* Assigned task
Return the following from the records below: each line, word for word, starting with the line that contains "#56=PLANE('',#55);" and going on through the line that contains "#116=CARTESIAN_POINT('',(4.62792452830189,0.,-2.0422641509434));", with nothing outside that range.

* Records for the task
# # #

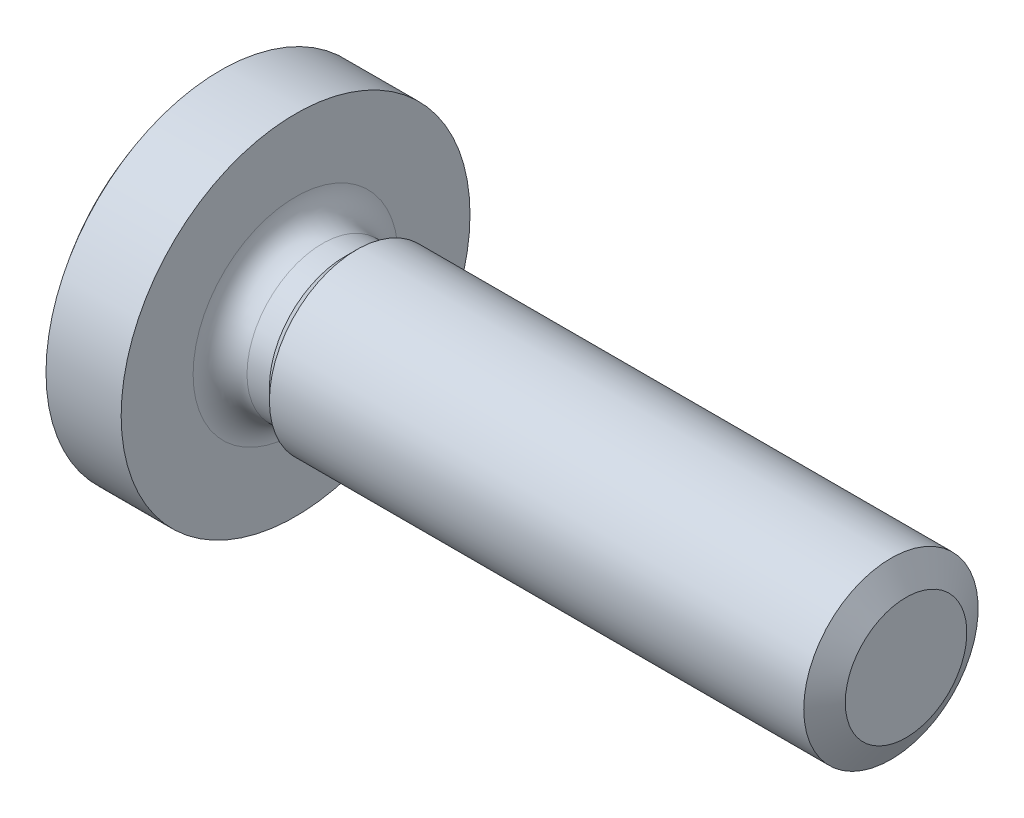
ISO-10303-21;
HEADER;
FILE_DESCRIPTION(('STEP AP214'),'2;1');
FILE_NAME('part.step','',(''),(''),'','','');
FILE_SCHEMA(('AUTOMOTIVE_DESIGN { 1 0 10303 214 1 1 1 1 }'));
ENDSEC;
DATA;
#1=APPLICATION_CONTEXT('core data for automotive mechanical design processes');
#2=APPLICATION_PROTOCOL_DEFINITION('international standard','automotive_design',2000,#1);
#3=PRODUCT_CONTEXT('',#1,'mechanical');
#4=PRODUCT('Part','Part','',(#3));
#5=PRODUCT_RELATED_PRODUCT_CATEGORY('part','',(#4));
#6=PRODUCT_DEFINITION_FORMATION('','',#4);
#7=PRODUCT_DEFINITION_CONTEXT('part definition',#1,'design');
#8=PRODUCT_DEFINITION('design','',#6,#7);
#9=PRODUCT_DEFINITION_SHAPE('','',#8);
#10=(LENGTH_UNIT() NAMED_UNIT(*) SI_UNIT(.MILLI.,.METRE.));
#11=(NAMED_UNIT(*) PLANE_ANGLE_UNIT() SI_UNIT($,.RADIAN.));
#12=(NAMED_UNIT(*) SI_UNIT($,.STERADIAN.) SOLID_ANGLE_UNIT());
#13=UNCERTAINTY_MEASURE_WITH_UNIT(LENGTH_MEASURE(1.E-05),#10,'distance_accuracy_value','');
#14=(GEOMETRIC_REPRESENTATION_CONTEXT(3) GLOBAL_UNCERTAINTY_ASSIGNED_CONTEXT((#13)) GLOBAL_UNIT_ASSIGNED_CONTEXT((#10,
#11,#12)) REPRESENTATION_CONTEXT('',''));
#15=CARTESIAN_POINT('',(0.,0.,0.));
#16=DIRECTION('',(0.,0.,1.));
#17=DIRECTION('',(1.,0.,0.));
#18=AXIS2_PLACEMENT_3D('',#15,#16,#17);
#19=CARTESIAN_POINT('',(2.4,0.,0.));
#20=DIRECTION('',(0.144306893071729,0.,-0.989532981063282));
#21=DIRECTION('',(-0.989532981063282,0.,-0.144306893071729));
#22=AXIS2_PLACEMENT_3D('',#19,#20,#21);
#23=PLANE('',#22);
#24=DIRECTION('',(-0.732931208059297,-0.671853607387689,-0.106885801175314));
#25=VECTOR('',#24,1.);
#26=CARTESIAN_POINT('',(2.4,0.,0.));
#27=LINE('',#26,#25);
#28=CARTESIAN_POINT('',(2.4,0.,0.));
#29=VERTEX_POINT('',#28);
#30=CARTESIAN_POINT('',(0.299339193338267,-1.92560573943992,-0.30634636763817));
#31=VERTEX_POINT('',#30);
#32=EDGE_CURVE('E155',#29,#31,#27,.T.);
#33=ORIENTED_EDGE('',*,*,#32,.F.);
#34=DIRECTION('',(-0.979387903800927,-0.142827402637635,-0.142827402637635));
#35=VECTOR('',#34,1.);
#36=CARTESIAN_POINT('',(2.4,0.,0.));
#37=LINE('',#36,#35);
#38=CARTESIAN_POINT('',(0.0185820115886168,-0.347290123309992,-0.347290123309993));
#39=VERTEX_POINT('',#38);
#40=EDGE_CURVE('E116',#29,#39,#37,.T.);
#41=ORIENTED_EDGE('',*,*,#40,.T.);
#42=CARTESIAN_POINT('',(6.41461963450914,0.,0.585465363365916));
#43=DIRECTION('',(0.144306893071729,0.,-0.989532981063282));
#44=DIRECTION('',(-0.989532981063282,0.,-0.144306893071729));
#45=AXIS2_PLACEMENT_3D('',#42,#43,#44);
#46=CIRCLE('',#45,6.47301633718682);
#47=EDGE_CURVE('E129',#31,#39,#46,.T.);
#48=ORIENTED_EDGE('',*,*,#47,.F.);
#49=EDGE_LOOP('',(#33,#41,#48));
#50=FACE_BOUND('',#49,.T.);
#51=ADVANCED_FACE('F36',(#50),#23,.F.);
#52=CARTESIAN_POINT('',(2.4,0.,0.));
#53=DIRECTION('',(0.144306893071729,0.,0.989532981063282));
#54=DIRECTION('',(0.989532981063282,0.,-0.144306893071729));
#55=AXIS2_PLACEMENT_3D('',#52,#53,#54);
#56=PLANE('',#55);
#57=CARTESIAN_POINT('',(6.41461963450914,0.,-0.585465363365916));
#58=DIRECTION('',(0.144306893071729,0.,0.989532981063282));
#59=DIRECTION('',(0.989532981063282,0.,-0.144306893071729));
#60=AXIS2_PLACEMENT_3D('',#57,#58,#59);
#61=CIRCLE('',#60,6.47301633718682);
#62=CARTESIAN_POINT('',(0.0185820115886177,-0.347290123309995,0.347290123309993));
#63=VERTEX_POINT('',#62);
#64=CARTESIAN_POINT('',(0.299339193338266,-1.92560573943992,0.30634636763817));
#65=VERTEX_POINT('',#64);
#66=EDGE_CURVE('E59',#63,#65,#61,.T.);
#67=ORIENTED_EDGE('',*,*,#66,.F.);
#68=DIRECTION('',(0.979387903800927,0.142827402637636,-0.142827402637635));
#69=VECTOR('',#68,1.);
#70=CARTESIAN_POINT('',(2.4,0.,0.));
#71=LINE('',#70,#69);
#72=EDGE_CURVE('E11',#63,#29,#71,.T.);
#73=ORIENTED_EDGE('',*,*,#72,.T.);
#74=DIRECTION('',(-0.732931208059297,-0.671853607387689,0.106885801175314));
#75=VECTOR('',#74,1.);
#76=CARTESIAN_POINT('',(2.4,0.,0.));
#77=LINE('',#76,#75);
#78=EDGE_CURVE('E156',#29,#65,#77,.T.);
#79=ORIENTED_EDGE('',*,*,#78,.T.);
#80=EDGE_LOOP('',(#67,#73,#79));
#81=FACE_BOUND('',#80,.T.);
#82=ADVANCED_FACE('F171',(#81),#56,.F.);
#83=CARTESIAN_POINT('',(-1.33175770411172,0.,0.));
#84=DIRECTION('',(-1.,0.,0.));
#85=DIRECTION('',(0.,0.,1.));
#86=AXIS2_PLACEMENT_3D('',#83,#84,#85);
#87=CYLINDRICAL_SURFACE('',#86,2.);
#88=CARTESIAN_POINT('',(4.5,0.,0.));
#89=DIRECTION('',(-1.,0.,0.));
#90=DIRECTION('',(0.,0.,1.));
#91=AXIS2_PLACEMENT_3D('',#88,#89,#90);
#92=CIRCLE('',#91,2.);
#93=CARTESIAN_POINT('',(4.5,0.,2.));
#94=VERTEX_POINT('',#93);
#95=EDGE_CURVE('E192',#94,#94,#92,.T.);
#96=ORIENTED_EDGE('',*,*,#95,.F.);
#97=EDGE_LOOP('',(#96));
#98=FACE_BOUND('',#97,.T.);
#99=CARTESIAN_POINT('',(16.753791204021,0.,0.));
#100=DIRECTION('',(-1.,0.,0.));
#101=DIRECTION('',(0.,0.,1.));
#102=AXIS2_PLACEMENT_3D('',#99,#100,#101);
#103=CIRCLE('',#102,2.);
#104=CARTESIAN_POINT('',(16.753791204021,0.,2.));
#105=VERTEX_POINT('',#104);
#106=EDGE_CURVE('E189',#105,#105,#103,.T.);
#107=ORIENTED_EDGE('',*,*,#106,.T.);
#108=EDGE_LOOP('',(#107));
#109=FACE_BOUND('',#108,.T.);
#110=ADVANCED_FACE('F236',(#98,#109),#87,.T.);
#111=CARTESIAN_POINT('',(6.5,0.,0.));
#112=DIRECTION('',(-1.,0.,0.));
#113=DIRECTION('',(0.,1.,0.));
#114=AXIS2_PLACEMENT_3D('',#111,#112,#113);
#115=SPHERICAL_SURFACE('',#114,6.5);
#116=CARTESIAN_POINT('',(4.62792452830189,0.,-2.0422641509434));
#117=DIRECTION('',(0.675724628517346,0.,0.737154140200741));
#118=DIRECTION('',(0.737154140200741,0.,-0.675724628517346));
#119=AXIS2_PLACEMENT_3D('',#116,#117,#118);
#120=CIRCLE('',#119,5.88000770118864);
#121=CARTESIAN_POINT('',(0.299339193338266,0.306346367638162,1.92560573943992));
#122=VERTEX_POINT('',#121);
#123=CARTESIAN_POINT('',(0.299339193338267,-0.306346367638176,1.92560573943992));
#124=VERTEX_POINT('',#123);
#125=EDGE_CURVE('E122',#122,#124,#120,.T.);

# # #

* Problem solution
#56=PLANE('',#55);
#57=CARTESIAN_POINT('',(6.41461963450914,0.,-0.585465363365916));
#58=DIRECTION('',(0.144306893071729,0.,0.989532981063282));
#59=DIRECTION('',(0.989532981063282,0.,-0.144306893071729));
#60=AXIS2_PLACEMENT_3D('',#57,#58,#59);
#61=CIRCLE('',#60,6.47301633718682);
#62=CARTESIAN_POINT('',(0.0185820115886177,-0.347290123309995,0.347290123309993));
#63=VERTEX_POINT('',#62);
#64=CARTESIAN_POINT('',(0.299339193338266,-1.92560573943992,0.30634636763817));
#65=VERTEX_POINT('',#64);
#66=EDGE_CURVE('E59',#63,#65,#61,.T.);
#67=ORIENTED_EDGE('',*,*,#66,.F.);
#68=DIRECTION('',(0.979387903800927,0.142827402637636,-0.142827402637635));
#69=VECTOR('',#68,1.);
#70=CARTESIAN_POINT('',(2.4,0.,0.));
#71=LINE('',#70,#69);
#72=EDGE_CURVE('E11',#63,#29,#71,.T.);
#73=ORIENTED_EDGE('',*,*,#72,.T.);
#74=DIRECTION('',(-0.732931208059297,-0.671853607387689,0.106885801175314));
#75=VECTOR('',#74,1.);
#76=CARTESIAN_POINT('',(2.4,0.,0.));
#77=LINE('',#76,#75);
#78=EDGE_CURVE('E156',#29,#65,#77,.T.);
#79=ORIENTED_EDGE('',*,*,#78,.T.);
#80=EDGE_LOOP('',(#67,#73,#79));
#81=FACE_BOUND('',#80,.T.);
#82=ADVANCED_FACE('F171',(#81),#56,.F.);
#83=CARTESIAN_POINT('',(-1.33175770411172,0.,0.));
#84=DIRECTION('',(-1.,0.,0.));
#85=DIRECTION('',(0.,0.,1.));
#86=AXIS2_PLACEMENT_3D('',#83,#84,#85);
#87=CYLINDRICAL_SURFACE('',#86,2.);
#88=CARTESIAN_POINT('',(4.5,0.,0.));
#89=DIRECTION('',(-1.,0.,0.));
#90=DIRECTION('',(0.,0.,1.));
#91=AXIS2_PLACEMENT_3D('',#88,#89,#90);
#92=CIRCLE('',#91,2.);
#93=CARTESIAN_POINT('',(4.5,0.,2.));
#94=VERTEX_POINT('',#93);
#95=EDGE_CURVE('E192',#94,#94,#92,.T.);
#96=ORIENTED_EDGE('',*,*,#95,.F.);
#97=EDGE_LOOP('',(#96));
#98=FACE_BOUND('',#97,.T.);
#99=CARTESIAN_POINT('',(16.753791204021,0.,0.));
#100=DIRECTION('',(-1.,0.,0.));
#101=DIRECTION('',(0.,0.,1.));
#102=AXIS2_PLACEMENT_3D('',#99,#100,#101);
#103=CIRCLE('',#102,2.);
#104=CARTESIAN_POINT('',(16.753791204021,0.,2.));
#105=VERTEX_POINT('',#104);
#106=EDGE_CURVE('E189',#105,#105,#103,.T.);
#107=ORIENTED_EDGE('',*,*,#106,.T.);
#108=EDGE_LOOP('',(#107));
#109=FACE_BOUND('',#108,.T.);
#110=ADVANCED_FACE('F236',(#98,#109),#87,.T.);
#111=CARTESIAN_POINT('',(6.5,0.,0.));
#112=DIRECTION('',(-1.,0.,0.));
#113=DIRECTION('',(0.,1.,0.));
#114=AXIS2_PLACEMENT_3D('',#111,#112,#113);
#115=SPHERICAL_SURFACE('',#114,6.5);
#116=CARTESIAN_POINT('',(4.62792452830189,0.,-2.0422641509434));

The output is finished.